Teichlab / celltypist

A tool for semi-automatic cell type classification
https://www.celltypist.org/
MIT License
278 stars 44 forks source link

0 features used for prediction #15

Closed bbimber closed 2 years ago

bbimber commented 2 years ago

We are running celltypist and ran into a fringe case.

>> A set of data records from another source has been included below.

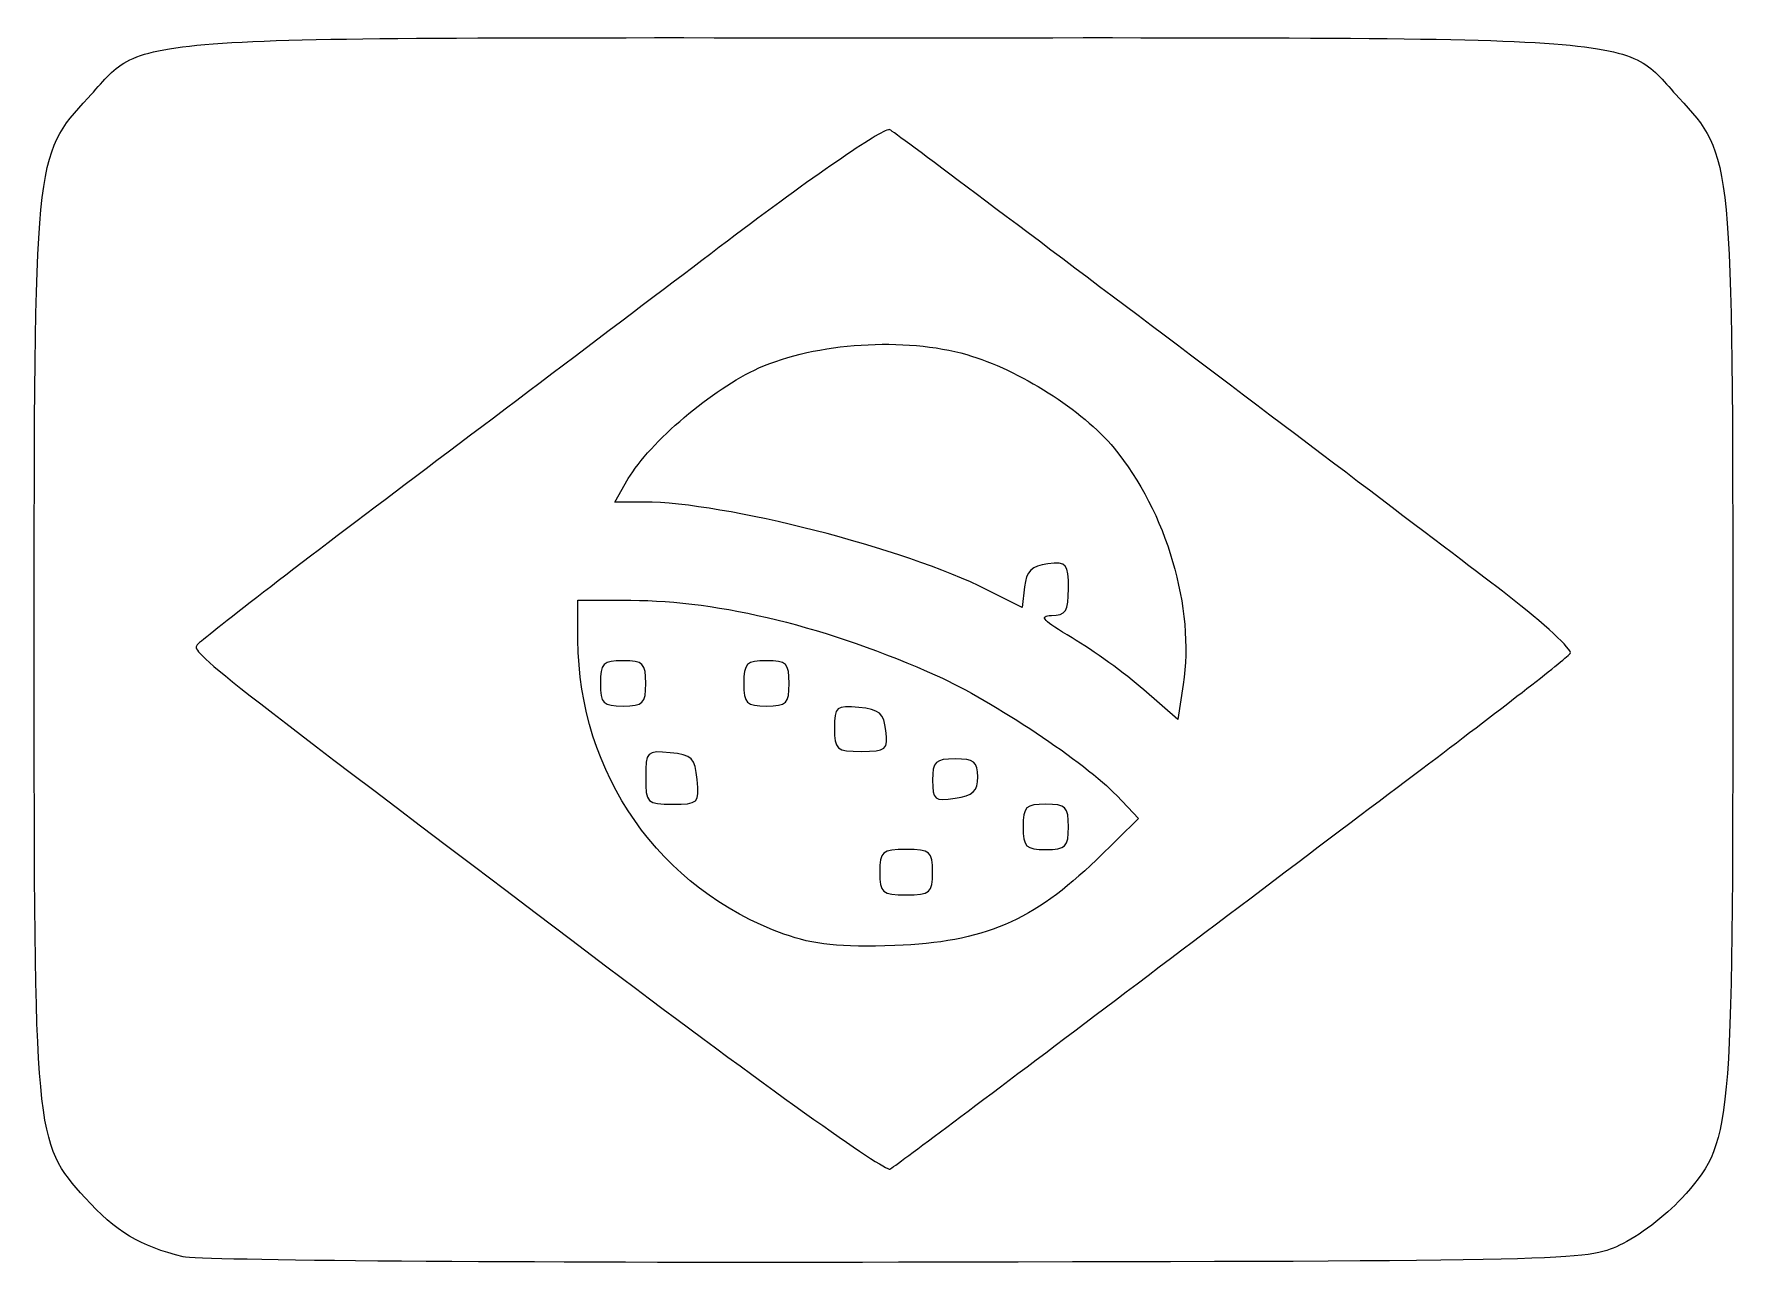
# Model space of a CAD drawing. Extents: x 77.5 to 137, y 189.4 to 232.5.
import ezdxf

# ---------------------------------------------------------------- set-up
doc = ezdxf.new("R2010")
doc.units = 0
doc.layers.add('Camada_1', color=7, linetype='CONTINUOUS')

msp = doc.modelspace()

# ---------------------------------------------------------------- linework, layer by layer
at = {"layer": 'Camada_1', "color": 7}
for points in [[(98.85495, 216.049333), (97.81631, 216.049333), (98.29429, 216.871803)], [(96.52977, 211.220663), (96.52377, 212.609733), (98.38701, 212.609733)], [(112.1827, 213.077013), (112.0994, 212.353653), (110.85979, 212.979823)], [(117.74467, 209.661613), (117.55769, 208.433263), (116.36705, 209.471583)], [(115.41226, 205.772383), (116.17678, 204.963073), (114.69988, 203.521153)], [(103.74685, 200.916783), (103.74638, 200.916783)]]:
    msp.add_lwpolyline(points, dxfattribs=at)
for points in [[(98.90455, 209.699333)], [(103.93164, 209.699333)], [(107.32265, 208.045683)], [(100.70725, 206.325873)], [(110.54622, 206.422073)], [(113.72122, 204.672233)], [(108.95872, 203.084733)], [(114.64726, 198.057293)], [(82.690225, 189.61181)]]:
    msp.add_lwpolyline(points, close=True, dxfattribs=at)
for points in [[(79.363973, 230.215733), (81.424411, 232.451053), (79.705138, 232.321193), (107.23893, 232.321193)], [(107.23893, 232.321193), (134.77272, 232.321193), (133.05345, 232.451053), (135.11388, 230.215733)], [(77.473303, 210.889943), (77.473303, 228.260853), (77.462773, 228.153173), (79.363973, 230.215733)], [(135.11388, 230.215733), (137.01509, 228.153173), (137.00455, 228.260853), (137.00455, 210.889943)], [(107.4657, 229.095333), (107.2952, 229.196453), (104.92943, 227.583793), (102.04174, 225.398023)], [(129.10757, 212.788673), (125.54031, 215.531763), (107.81016, 228.891043), (107.4657, 229.095333)], [(102.04174, 225.398023), (99.22488, 223.265863), (93.859095, 219.214943), (90.117771, 216.395993)], [(102.87331, 220.749333), (104.86255, 221.640113), (108.0074, 221.842773), (110.15463, 221.218563)], [(110.15463, 221.218563), (112.00642, 220.680233), (114.20821, 219.282953), (115.3225, 217.938983)], [(98.29429, 216.871803), (99.03075, 218.139053), (101.26027, 220.027013), (102.87331, 220.749333)], [(115.3225, 217.938983), (117.1571, 215.726233), (118.15088, 212.330163), (117.74467, 209.661613)], [(90.117771, 216.395993), (86.376447, 213.577043), (83.248656, 211.162693), (83.167124, 211.030773)], [(110.85979, 212.979823), (107.99081, 214.429053), (101.65391, 216.049333), (98.85495, 216.049333)], [(112.99362, 213.884093), (112.42332, 213.818493), (112.248, 213.643983), (112.1827, 213.077013)], [(113.72122, 213.024203), (113.72122, 213.897503), (113.66702, 213.961573), (112.99362, 213.884093)], [(98.38701, 212.609733), (101.4993, 212.609733), (105.33146, 211.664893), (109.11909, 209.963693)], [(113.12591, 212.074743), (113.6309, 212.079743), (113.72122, 212.223753), (113.72122, 213.024203)], [(131.31134, 210.750083), (131.39064, 210.878323), (130.3989, 211.795693), (129.10757, 212.788673)], [(113.85351, 211.289403), (112.83796, 211.887803), (112.66891, 212.070263), (113.12591, 212.074743)], [(79.254289, 191.67475), (77.478069, 193.64081), (77.473303, 193.69224), (77.473303, 210.889943)], [(83.167124, 211.030773), (83.0045, 210.767643), (83.54759, 210.342343), (97.54466, 199.771603)], [(103.74638, 200.916783), (99.40609, 202.463173), (96.55157, 206.538863), (96.52977, 211.220663)], [(116.36705, 209.471583), (115.71221, 210.042663), (114.58112, 210.860683), (113.85351, 211.289403)], [(137.00455, 210.889943), (137.00455, 193.66367), (137.00255, 193.64711), (135.20368, 191.64949)], [(98.1108, 210.493083), (97.40525, 210.493083), (97.31705, 210.404883), (97.31705, 209.699333)], [(98.90455, 209.699333), (98.90455, 210.404893), (98.81635, 210.493083), (98.1108, 210.493083)], [(103.13789, 210.493083), (102.43233, 210.493083), (102.34414, 210.404883), (102.34414, 209.699333)], [(103.93164, 209.699333), (103.93164, 210.404893), (103.84344, 210.493083), (103.13789, 210.493083)], [(126.34683, 206.885713), (128.99805, 208.882873), (131.23208, 210.621843), (131.31134, 210.750083)], [(97.31705, 209.699333), (97.31705, 208.993773), (97.40525, 208.905583), (98.1108, 208.905583)], [(98.1108, 208.905583), (98.81636, 208.905583), (98.90455, 208.993783), (98.90455, 209.699333)], [(102.34414, 209.699333), (102.34414, 208.993773), (102.43234, 208.905583), (103.13789, 208.905583)], [(103.13789, 208.905583), (103.84344, 208.905583), (103.93164, 208.993783), (103.93164, 209.699333)], [(109.11909, 209.963693), (111.0479, 209.097383), (114.34673, 206.900333), (115.41226, 205.772383)], [(106.37903, 208.856203), (105.57798, 208.933403), (105.51914, 208.883603), (105.51914, 208.128593)], [(107.32265, 208.045683), (107.25285, 208.651963), (107.09554, 208.787113), (106.37903, 208.856203)], [(105.51914, 208.128593), (105.51914, 207.375813), (105.58634, 207.318083), (106.46275, 207.318083)], [(106.46275, 207.318083), (107.33606, 207.318083), (107.40013, 207.372283), (107.32265, 208.045683)], [(99.76445, 207.268683), (98.93968, 207.348183), (98.90455, 207.313083), (98.90455, 206.408783)], [(100.70725, 206.325873), (100.63435, 207.081983), (100.52056, 207.195773), (99.76445, 207.268683)], [(109.75247, 207.053503), (109.05772, 207.053503), (108.95872, 206.960203), (108.95872, 206.305573)], [(110.54622, 206.422073), (110.54622, 206.947273), (110.41268, 207.053503), (109.75247, 207.053503)], [(114.64726, 198.057293), (118.4308, 200.915753), (123.69561, 204.888543), (126.34683, 206.885713)], [(98.90455, 206.408783), (98.90455, 205.504493), (98.94305, 205.465983), (99.84736, 205.465983)], [(99.84736, 205.465983), (100.75165, 205.465983), (100.78678, 205.501083), (100.70725, 206.325873)], [(108.95872, 206.305573), (108.95872, 205.625043), (109.03022, 205.568143), (109.75247, 205.674143)], [(109.75247, 205.674143), (110.38014, 205.766243), (110.54622, 205.922763), (110.54622, 206.422073)], [(112.92747, 205.465983), (112.22191, 205.465983), (112.13372, 205.377783), (112.13372, 204.672233)], [(113.72122, 204.672233), (113.72122, 205.377783), (113.63302, 205.465983), (112.92747, 205.465983)], [(112.13372, 204.672233), (112.13372, 203.966673), (112.22192, 203.878483), (112.92747, 203.878483)], [(112.92747, 203.878483), (113.63303, 203.878483), (113.72122, 203.966683), (113.72122, 204.672233)], [(108.03268, 203.878483), (107.18013, 203.878483), (107.10664, 203.815483), (107.10664, 203.084733)], [(108.95872, 203.084733), (108.95872, 203.815483), (108.88522, 203.878483), (108.03268, 203.878483)], [(107.10664, 203.084733), (107.10664, 202.353973), (107.18014, 202.290983), (108.03268, 202.290983)], [(114.69988, 203.521153), (112.50014, 201.373513), (110.73817, 200.623593), (107.63627, 200.514753)], [(108.03268, 202.290983), (108.88522, 202.290983), (108.95872, 202.353983), (108.95872, 203.084733)], [(107.63627, 200.514753), (105.69061, 200.446453), (104.81188, 200.537353), (103.74685, 200.916783)], [(97.54466, 199.771603), (102.95718, 195.68401), (107.29688, 192.58361), (107.46654, 192.68315)], [(107.46654, 192.68315), (107.6324, 192.78045), (110.86372, 195.19882), (114.64726, 198.057293)], [(82.690225, 189.61181), (81.199332, 189.96793), (80.318517, 190.49678), (79.254289, 191.67475)], [(135.20368, 191.64949), (134.66619, 191.05276), (133.69065, 190.31572), (133.0358, 190.01161)], [(133.0358, 190.01161), (131.85788, 189.46459), (131.58826, 189.45823), (107.76809, 189.41572)], [(107.76809, 189.41572), (94.175779, 189.39142), (83.255202, 189.47682), (82.690225, 189.61181)]]:
    msp.add_open_spline(points, degree=3, dxfattribs=at)

doc.saveas('drawing.dxf')

I think the error is somewhere upstream in our data preparation, but running celltypist gives this:

⏳ Loading data 🔬 Input data has 2700 cells and 13714 genes 🔗 Matching reference genes in the model 🧬 0 features used for prediction ⚖️ Scaling input data

and then it dies with the stacktrace below. Obviously if no features match, celltypist cant run. I'm reporting this since it might be nice if the celltypist code that finds matching features would die more immediately and in a more informative way if zero features match (or perhaps fewer than some configurable threshold).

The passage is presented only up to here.